For the guy with the cherry and picky wife. Sand to a very fine grit. Add a couple coats of oil. If it color is too light start adding glazing coats of arm r seal and transtint(rather than starting with transfast). You can mix the colors as needed and even change color if the glazing needs to be adjusted. Of course, in a perfect world, he would take some scrap and make a test board. You might have to use more dye than you expect and mix well. Then mix a little more. The color of the mixture will tend to get darker as you use it. I'd wipe on the varnish for thin even coats. Let it cure, check the color, adjust if needed.
I look forward to your podcast every other week and love listening to it on my drive home.
I was a little surprised though in #24 when you're jointer recommendation didn't include the option of obtaining and using hand planes such as a #5 jack or #7 jointer plane. I started woodworking with an inexpensive jack plane and then got a #7 Veritas jointer coupled with a 48" straight edge and a 12" planer machine. I milled the boards for three beds and a Mike Pekovich designed dresser using these tools. Hand jointing even long boards is not that hard- it's just a little time consuming. I don't think people realize that all you need to do is knock down the high spots enough to minimize bow, cup, and twist before running the stock through a planer. It's an iterative process that's fun and a good workout.
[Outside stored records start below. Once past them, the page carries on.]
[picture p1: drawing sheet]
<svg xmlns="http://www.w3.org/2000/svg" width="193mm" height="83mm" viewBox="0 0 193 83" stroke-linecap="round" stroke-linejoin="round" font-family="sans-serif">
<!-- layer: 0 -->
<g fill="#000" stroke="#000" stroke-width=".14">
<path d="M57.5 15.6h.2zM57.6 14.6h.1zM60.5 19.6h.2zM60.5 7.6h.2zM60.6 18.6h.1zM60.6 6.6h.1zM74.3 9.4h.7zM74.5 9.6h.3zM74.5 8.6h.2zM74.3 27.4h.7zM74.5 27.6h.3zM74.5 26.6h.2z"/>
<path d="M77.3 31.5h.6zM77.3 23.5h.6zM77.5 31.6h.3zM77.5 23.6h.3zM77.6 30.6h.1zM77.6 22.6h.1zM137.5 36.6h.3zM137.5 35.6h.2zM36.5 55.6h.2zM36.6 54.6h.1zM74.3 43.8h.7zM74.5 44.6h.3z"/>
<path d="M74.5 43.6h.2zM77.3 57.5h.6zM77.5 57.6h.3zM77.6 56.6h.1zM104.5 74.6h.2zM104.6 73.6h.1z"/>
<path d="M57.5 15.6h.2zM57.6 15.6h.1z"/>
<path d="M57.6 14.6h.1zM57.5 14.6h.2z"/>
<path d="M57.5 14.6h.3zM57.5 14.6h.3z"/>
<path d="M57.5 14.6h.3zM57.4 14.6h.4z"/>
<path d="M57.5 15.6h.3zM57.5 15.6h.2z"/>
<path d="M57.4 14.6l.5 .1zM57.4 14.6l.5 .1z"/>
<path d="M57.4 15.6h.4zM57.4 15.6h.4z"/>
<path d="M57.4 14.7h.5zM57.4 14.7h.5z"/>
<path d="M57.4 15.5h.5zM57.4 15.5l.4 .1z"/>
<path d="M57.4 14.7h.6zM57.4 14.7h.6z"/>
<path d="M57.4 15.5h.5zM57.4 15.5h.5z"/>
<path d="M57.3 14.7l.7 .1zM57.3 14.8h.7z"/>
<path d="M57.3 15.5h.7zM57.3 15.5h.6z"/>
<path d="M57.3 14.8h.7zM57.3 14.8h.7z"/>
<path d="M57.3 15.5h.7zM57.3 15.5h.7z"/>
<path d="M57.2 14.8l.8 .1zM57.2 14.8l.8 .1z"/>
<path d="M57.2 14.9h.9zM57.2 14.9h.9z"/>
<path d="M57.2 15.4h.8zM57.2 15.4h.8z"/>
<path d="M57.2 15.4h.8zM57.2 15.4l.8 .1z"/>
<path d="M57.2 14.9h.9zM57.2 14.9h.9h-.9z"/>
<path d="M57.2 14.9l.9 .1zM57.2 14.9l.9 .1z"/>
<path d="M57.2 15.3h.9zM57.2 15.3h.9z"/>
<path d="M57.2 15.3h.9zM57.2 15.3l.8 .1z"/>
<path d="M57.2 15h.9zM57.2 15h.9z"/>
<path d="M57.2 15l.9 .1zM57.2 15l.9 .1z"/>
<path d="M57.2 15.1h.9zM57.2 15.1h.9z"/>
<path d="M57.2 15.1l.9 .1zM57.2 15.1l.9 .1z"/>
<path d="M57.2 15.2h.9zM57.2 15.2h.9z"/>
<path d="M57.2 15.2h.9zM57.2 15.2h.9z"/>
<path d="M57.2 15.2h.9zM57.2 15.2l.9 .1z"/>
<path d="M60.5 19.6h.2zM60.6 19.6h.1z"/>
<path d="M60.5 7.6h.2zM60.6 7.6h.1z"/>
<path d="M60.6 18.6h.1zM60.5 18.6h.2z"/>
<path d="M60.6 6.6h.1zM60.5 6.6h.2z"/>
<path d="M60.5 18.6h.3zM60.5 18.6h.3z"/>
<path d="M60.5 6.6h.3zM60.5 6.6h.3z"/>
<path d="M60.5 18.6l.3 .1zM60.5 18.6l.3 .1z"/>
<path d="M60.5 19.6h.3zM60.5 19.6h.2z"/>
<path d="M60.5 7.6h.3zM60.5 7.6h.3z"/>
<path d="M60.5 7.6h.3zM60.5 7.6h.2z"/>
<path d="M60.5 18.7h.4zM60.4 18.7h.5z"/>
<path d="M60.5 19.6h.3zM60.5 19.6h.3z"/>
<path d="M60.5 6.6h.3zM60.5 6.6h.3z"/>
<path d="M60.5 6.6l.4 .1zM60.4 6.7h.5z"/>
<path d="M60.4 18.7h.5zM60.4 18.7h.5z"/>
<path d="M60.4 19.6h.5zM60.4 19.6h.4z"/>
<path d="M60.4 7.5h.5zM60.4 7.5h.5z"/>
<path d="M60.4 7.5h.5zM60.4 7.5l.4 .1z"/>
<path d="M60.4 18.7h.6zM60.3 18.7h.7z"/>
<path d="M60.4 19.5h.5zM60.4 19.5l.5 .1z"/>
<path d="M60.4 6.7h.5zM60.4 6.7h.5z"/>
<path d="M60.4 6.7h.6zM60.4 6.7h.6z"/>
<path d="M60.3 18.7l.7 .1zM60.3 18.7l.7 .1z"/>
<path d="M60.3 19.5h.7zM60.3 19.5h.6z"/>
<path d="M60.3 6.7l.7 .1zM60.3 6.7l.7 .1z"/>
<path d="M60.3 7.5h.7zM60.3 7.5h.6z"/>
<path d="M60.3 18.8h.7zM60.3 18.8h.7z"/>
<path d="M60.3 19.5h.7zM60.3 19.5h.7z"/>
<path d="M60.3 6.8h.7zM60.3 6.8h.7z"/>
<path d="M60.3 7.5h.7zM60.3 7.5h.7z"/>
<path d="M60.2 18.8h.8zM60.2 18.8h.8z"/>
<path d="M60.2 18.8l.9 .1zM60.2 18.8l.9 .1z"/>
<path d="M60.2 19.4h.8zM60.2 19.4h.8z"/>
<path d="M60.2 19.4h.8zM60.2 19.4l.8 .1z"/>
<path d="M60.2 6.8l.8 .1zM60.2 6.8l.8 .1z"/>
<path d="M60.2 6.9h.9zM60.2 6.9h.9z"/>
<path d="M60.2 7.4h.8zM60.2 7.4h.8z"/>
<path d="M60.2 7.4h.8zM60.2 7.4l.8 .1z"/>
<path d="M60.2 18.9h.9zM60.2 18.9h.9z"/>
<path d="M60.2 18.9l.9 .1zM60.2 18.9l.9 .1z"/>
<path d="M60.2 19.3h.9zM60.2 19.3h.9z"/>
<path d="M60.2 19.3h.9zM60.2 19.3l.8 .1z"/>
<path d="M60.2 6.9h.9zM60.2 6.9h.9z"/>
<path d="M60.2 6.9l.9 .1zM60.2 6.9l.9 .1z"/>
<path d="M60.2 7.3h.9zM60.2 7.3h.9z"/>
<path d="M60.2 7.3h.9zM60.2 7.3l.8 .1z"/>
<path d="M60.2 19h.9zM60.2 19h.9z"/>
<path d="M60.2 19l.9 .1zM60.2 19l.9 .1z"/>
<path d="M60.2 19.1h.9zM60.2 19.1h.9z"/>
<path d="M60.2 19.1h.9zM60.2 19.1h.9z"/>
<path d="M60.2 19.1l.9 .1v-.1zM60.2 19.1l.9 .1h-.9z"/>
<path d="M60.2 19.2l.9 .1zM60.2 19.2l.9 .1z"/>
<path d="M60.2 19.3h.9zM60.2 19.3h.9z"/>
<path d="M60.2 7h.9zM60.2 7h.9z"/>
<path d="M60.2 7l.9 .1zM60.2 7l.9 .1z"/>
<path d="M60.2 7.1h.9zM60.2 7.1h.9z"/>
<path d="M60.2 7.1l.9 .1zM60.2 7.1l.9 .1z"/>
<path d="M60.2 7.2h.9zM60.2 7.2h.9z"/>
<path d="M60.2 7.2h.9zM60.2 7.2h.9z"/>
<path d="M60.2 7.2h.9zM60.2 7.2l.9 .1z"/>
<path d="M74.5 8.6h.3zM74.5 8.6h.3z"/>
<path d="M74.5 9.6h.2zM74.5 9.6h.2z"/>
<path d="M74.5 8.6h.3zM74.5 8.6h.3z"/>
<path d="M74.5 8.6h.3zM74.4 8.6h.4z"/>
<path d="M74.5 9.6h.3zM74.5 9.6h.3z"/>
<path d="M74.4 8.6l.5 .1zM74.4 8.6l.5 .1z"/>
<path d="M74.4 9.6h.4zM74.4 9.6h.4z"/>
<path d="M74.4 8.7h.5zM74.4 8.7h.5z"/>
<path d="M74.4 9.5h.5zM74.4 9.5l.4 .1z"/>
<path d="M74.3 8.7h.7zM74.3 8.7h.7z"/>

That said, I do now own an 8" jointer machine, following advice I received from Tommy Mac at a woodworking show. I purchased it two years ago in preparation for making kitchen cabinets and a bunch of stair treads in my new dedicated shop/out building. I have no regrets about my sequence of purchases. Hand planes + 12" planer can handle any milling job very well.
P.S., Thank you for not recommending the purchase of a 6" jointer. With all do respect to those on a budget, either save your money for an 8" or spend your limited cash on a few good hand planes.
Great podcast as always! Asa and Ed did a great job holding down the fort but a third host was missed, darn flu. Keep up the great work guys.
Liven it up when regulars are out of commission - by using Skype or Google Hangout to bring in out-of-town FWW contributors - Rollie Johnson, Garett Hack, Steve Latta, etc into the conversation.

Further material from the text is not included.